Just as importantly, the user feedback from TAC SMEs, highlighted just how much of an improvement the addition of Zebrium made to the log analysis workflow:
“It was very easy to find the errors, they pop up immediately…I’ll find relevant logs much faster.”
“It's a really smart tool that can quickly narrow down problem error messages.”
“This is amazing to see. This wasn’t an easy issue and to see that [the ML] analysis was able to point us in right direction is very positive.”
“Zebrium added color to the drab black and white process of log analysis”

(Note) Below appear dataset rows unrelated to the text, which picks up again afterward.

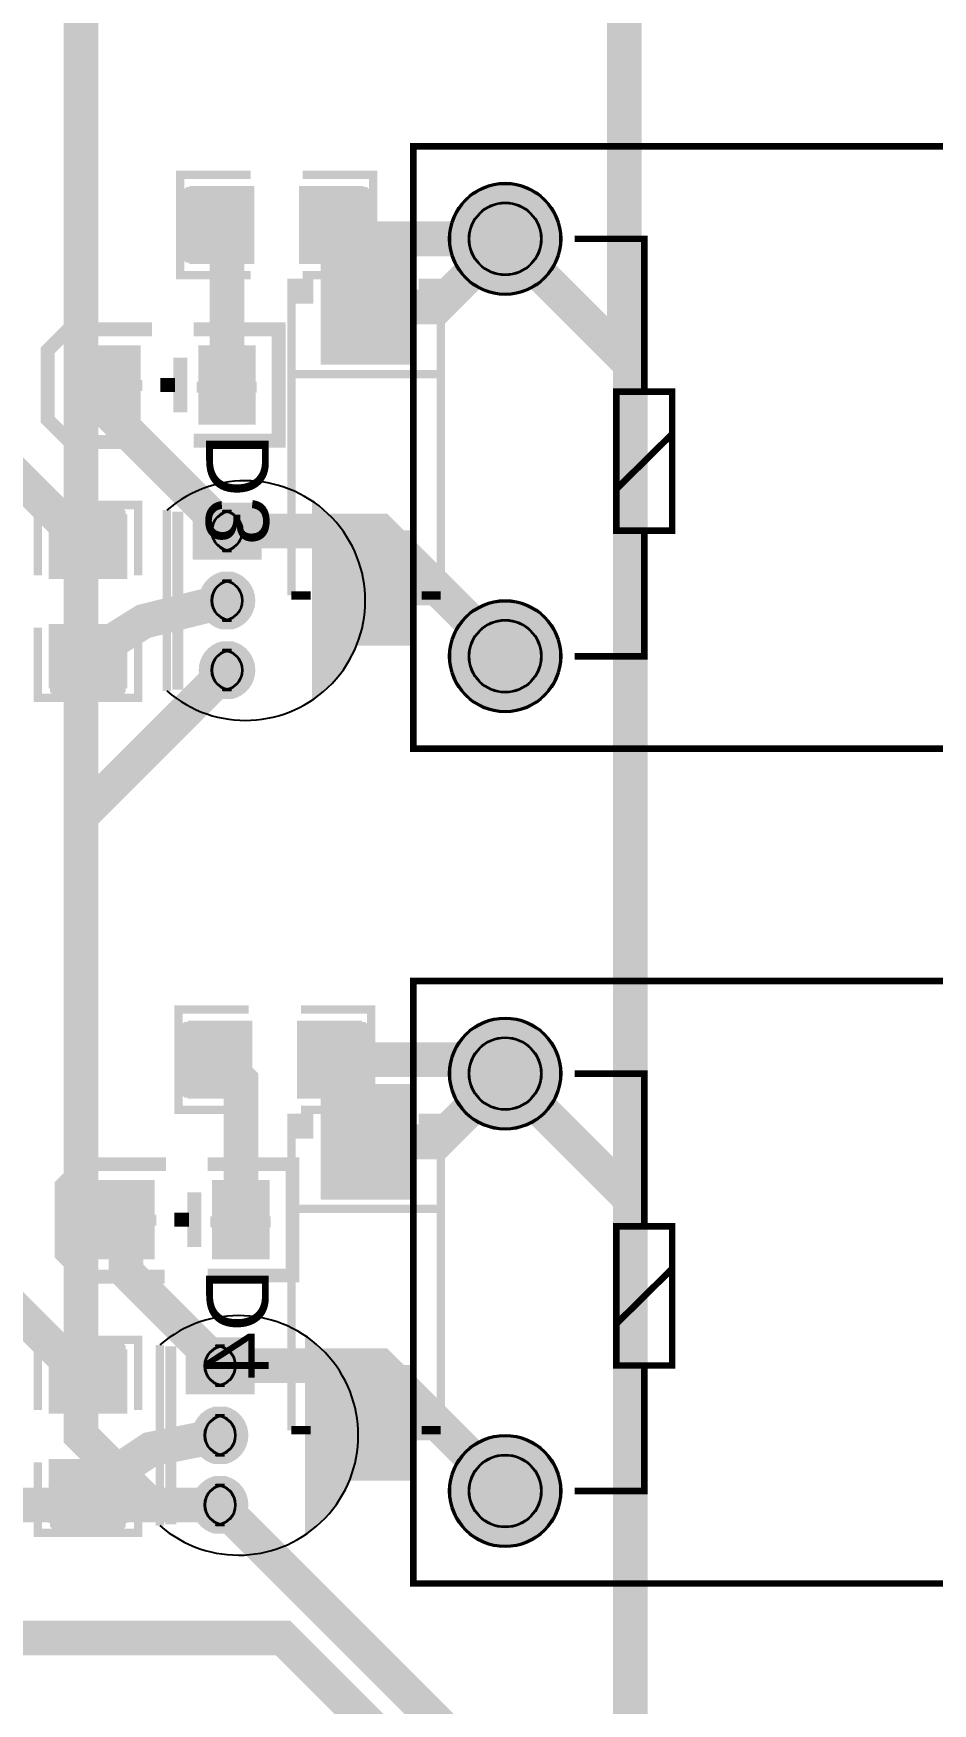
# Model space of a CAD drawing. Extents: x 2462 to 6780, y 1105 to 4890.
# Drawn here: x 5111 to 5757, y 2097 to 3298 of the extents above; entities that cross this region are included whole.
import ezdxf

# ---------------------------------------------------------------- set-up
doc = ezdxf.new("R2010")
doc.units = 9
for name, color, linetype, true_color in [('BottomLayer', 7, 'Continuous', 0x0000ff), ('BottomPasteMaskLayer', 7, 'Continuous', 0x800000), ('BottomSilkLayer', 7, 'Continuous', 0x66cc33), ('BottomSolderMaskLayer', 7, 'Continuous', 0xaa00ff), ('Document', 7, 'Continuous', 0xffffff), ('Multi-Layer', 7, 'Continuous', 0xc0c0c0), ('TopLayer', 7, 'Continuous', 0xff0000), ('TopPasteMaskLayer', 7, 'Continuous', 0x808080), ('TopSilkLayer', 7, 'Continuous', 0xffcc00), ('TopSolderMaskLayer', 7, 'Continuous', 0x800080)]:
    doc.layers.add(name, color=color, linetype=linetype, true_color=true_color)
doc.styles.get("Standard").update_dxf_attribs({"font": 'arial.ttf'})

msp = doc.modelspace()

# ---------------------------------------------------------------- hatches: boundary and pattern name
at = {"layer": 'BottomLayer'}
for points in [[(5318.1, 3141.3), (5381.9, 3141.3), (5381.9, 3060.7), (5318.1, 3060.7)], [(5318.1, 2858.7), (5381.9, 2858.7), (5381.9, 2939.3), (5318.1, 2939.3)], [(5318.1, 2541.3), (5381.9, 2541.3), (5381.9, 2460.7), (5318.1, 2460.7)], [(5318.1, 2258.7), (5381.9, 2258.7), (5381.9, 2339.3), (5318.1, 2339.3)]]:
    msp.add_hatch(color=256, dxfattribs=at).paths.add_polyline_path(points)
at = {"layer": 'BottomPasteMaskLayer'}
for points in [[(5318.1, 3141.3), (5381.9, 3141.3), (5381.9, 3060.7), (5318.1, 3060.7)], [(5318.1, 2858.7), (5381.9, 2858.7), (5381.9, 2939.3), (5318.1, 2939.3)], [(5318.1, 2541.3), (5381.9, 2541.3), (5381.9, 2460.7), (5318.1, 2460.7)], [(5318.1, 2258.7), (5381.9, 2258.7), (5381.9, 2339.3), (5318.1, 2339.3)]]:
    msp.add_hatch(color=256, dxfattribs=at).paths.add_polyline_path(points)
at = {"layer": 'BottomSilkLayer'}
for points in [[(5293.3, 3103.3), (5312.1, 3103.3), (5312.1, 3121.3), (5293.3, 3121.3)], [(5406.7, 3103.3), (5387.9, 3103.3), (5387.9, 3121.3), (5406.7, 3121.3)], [(5293.3, 2503.3), (5312.1, 2503.3), (5312.1, 2521.3), (5293.3, 2521.3)], [(5406.7, 2503.3), (5387.9, 2503.3), (5387.9, 2521.3), (5406.7, 2521.3)]]:
    msp.add_hatch(color=256, dxfattribs=at).paths.add_polyline_path(points)
at = {"layer": 'BottomSolderMaskLayer'}
for points in [[(5409.6, 3150, 1), (5490.4, 3150, 1)], [(5317.3, 3142.6), (5382.7, 3142.6), (5382.7, 3059.5), (5317.3, 3059.5)], [(5274.8, 2960.5), (5274.8, 2919.5), (5225.2, 2919.5), (5225.2, 2960.5)], [(5317.3, 2857.5), (5382.7, 2857.5), (5382.7, 2940.5), (5317.3, 2940.5)], [(5254.1, 2910.7, -0.785398), (5254.1, 2869.3), (5245.9, 2869.3, -0.785398), (5245.9, 2910.7)], [(5409.6, 2850, 1), (5490.4, 2850, 1)], [(5254.1, 2860.7, -0.785398), (5254.1, 2819.3), (5245.9, 2819.3, -0.785398), (5245.9, 2860.7)], [(5409.6, 2550, 1), (5490.4, 2550, 1)], [(5317.3, 2542.6), (5382.7, 2542.6), (5382.7, 2459.5), (5317.3, 2459.5)], [(5269.8, 2360.5), (5269.8, 2319.5), (5220.2, 2319.5), (5220.2, 2360.5)], [(5317.3, 2257.5), (5382.7, 2257.5), (5382.7, 2340.5), (5317.3, 2340.5)], [(5249.1, 2310.7, -0.785398), (5249.1, 2269.3), (5240.9, 2269.3, -0.785398), (5240.9, 2310.7)], [(5409.6, 2250, 1), (5490.4, 2250, 1)], [(5249.1, 2260.7, -0.785398), (5249.1, 2219.3), (5240.9, 2219.3, -0.785398), (5240.9, 2260.7)]]:
    msp.add_hatch(color=256, dxfattribs=at).paths.add_polyline_path(points)
at = {"layer": 'Document'}
for points in [[(5353.8, 3095.7), (5346.2, 3095.7), (5346.2, 3065.3), (5353.8, 3065.3)], [(5245.7, 3023.1), (5245.7, 3066.4), (5253.6, 3066.4), (5253.6, 3023.1)], [(5189.2, 3040.7), (5145.9, 3040.7), (5145.9, 3048.6), (5189.2, 3048.6)], [(5228.1, 3047.3), (5271.4, 3047.3), (5271.4, 3039.5), (5228.1, 3039.5)], [(5218.5, 2954), (5210.6, 2954), (5210.6, 2826), (5218.5, 2826)], [(5311, 2818.1), (5313.2, 2819.7), (5315.3, 2821.3), (5317.4, 2823), (5319.4, 2824.8), (5321.4, 2826.6), (5323.3, 2828.5), (5325.1, 2830.4), (5326.9, 2832.4), (5328.6, 2834.5), (5330.3, 2836.5), (5331.9, 2838.7), (5333.4, 2840.9), (5334.9, 2843.1), (5336.3, 2845.4), (5337.6, 2847.7), (5338.9, 2850.1), (5340, 2852.5), (5341.1, 2854.9), (5342.2, 2857.4), (5343.1, 2859.9), (5344, 2862.4), (5344.8, 2865), (5345.5, 2867.5), (5346.2, 2870.1), (5346.8, 2872.7), (5347.2, 2875.4), (5347.6, 2878), (5348, 2880.7), (5348.2, 2883.3), (5348.4, 2886), (5348.5, 2888.7), (5348.5, 2891.3), (5348.4, 2894), (5348.2, 2896.7), (5348, 2899.3), (5347.6, 2902), (5347.2, 2904.6), (5346.8, 2907.3), (5346.2, 2909.9), (5345.5, 2912.5), (5344.8, 2915), (5344, 2917.6), (5343.1, 2920.1), (5342.2, 2922.6), (5341.1, 2925.1), (5340, 2927.5), (5338.9, 2929.9), (5337.6, 2932.3), (5336.3, 2934.6), (5334.9, 2936.9), (5333.4, 2939.1), (5331.9, 2941.3), (5330.3, 2943.5), (5328.6, 2945.5), (5326.9, 2947.6), (5325.1, 2949.6), (5323.3, 2951.5), (5321.4, 2953.4), (5319.4, 2955.2), (5317.4, 2957), (5315.3, 2958.7), (5313.2, 2960.3), (5311, 2961.8)], [(5353.8, 2904.3), (5346.2, 2904.3), (5346.2, 2934.7), (5353.8, 2934.7)], [(5375.3, 2915.7), (5324.7, 2915.7), (5324.7, 2923.3), (5375.3, 2923.3)], [(5353.8, 2495.7), (5346.2, 2495.7), (5346.2, 2465.3), (5353.8, 2465.3)], [(5255.7, 2423.1), (5255.7, 2466.4), (5263.6, 2466.4), (5263.6, 2423.1)], [(5199.2, 2440.7), (5155.9, 2440.7), (5155.9, 2448.6), (5199.2, 2448.6)], [(5238.1, 2447.3), (5281.4, 2447.3), (5281.4, 2439.5), (5238.1, 2439.5)], [(5213.5, 2354), (5205.6, 2354), (5205.6, 2226), (5213.5, 2226)], [(5306, 2218.1), (5308.2, 2219.7), (5310.3, 2221.3), (5312.4, 2223), (5314.4, 2224.8), (5316.4, 2226.6), (5318.3, 2228.5), (5320.1, 2230.4), (5321.9, 2232.4), (5323.6, 2234.5), (5325.3, 2236.5), (5326.9, 2238.7), (5328.4, 2240.9), (5329.9, 2243.1), (5331.3, 2245.4), (5332.6, 2247.7), (5333.9, 2250.1), (5335, 2252.5), (5336.1, 2254.9), (5337.2, 2257.4), (5338.1, 2259.9), (5339, 2262.4), (5339.8, 2265), (5340.5, 2267.5), (5341.2, 2270.1), (5341.8, 2272.7), (5342.2, 2275.4), (5342.6, 2278), (5343, 2280.7), (5343.2, 2283.3), (5343.4, 2286), (5343.5, 2288.7), (5343.5, 2291.3), (5343.4, 2294), (5343.2, 2296.7), (5343, 2299.3), (5342.6, 2302), (5342.2, 2304.6), (5341.8, 2307.3), (5341.2, 2309.9), (5340.5, 2312.5), (5339.8, 2315), (5339, 2317.6), (5338.1, 2320.1), (5337.2, 2322.6), (5336.1, 2325.1), (5335, 2327.5), (5333.9, 2329.9), (5332.6, 2332.3), (5331.3, 2334.6), (5329.9, 2336.9), (5328.4, 2339.1), (5326.9, 2341.3), (5325.3, 2343.5), (5323.6, 2345.5), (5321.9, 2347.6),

Following are the results for each of the four product lines:
In this detailed study of 192 actual customer Service Requests, Zebrium’s machine learning was able to correctly identify the root cause in 95.8% of the cases. User feedback praised the quality of the root cause reports and experienced significant time savings compared to manual log analysis.
As a result of this, at the time of writing, we are in the process of rolling this solution into production for use across an initial tranche of 8 product lines in TAC centers around the world.
It is believed that the addition of Zebrium’s machine learning to the existing TAC tool kit, will allow TAC to achieve a significant increase in case resolution times for SRs that require log file analysis. This will not only improve customer satisfaction but will also drive significant cost savings by slashing thousands of hours of time each month that would otherwise be spent manually analyzing logs.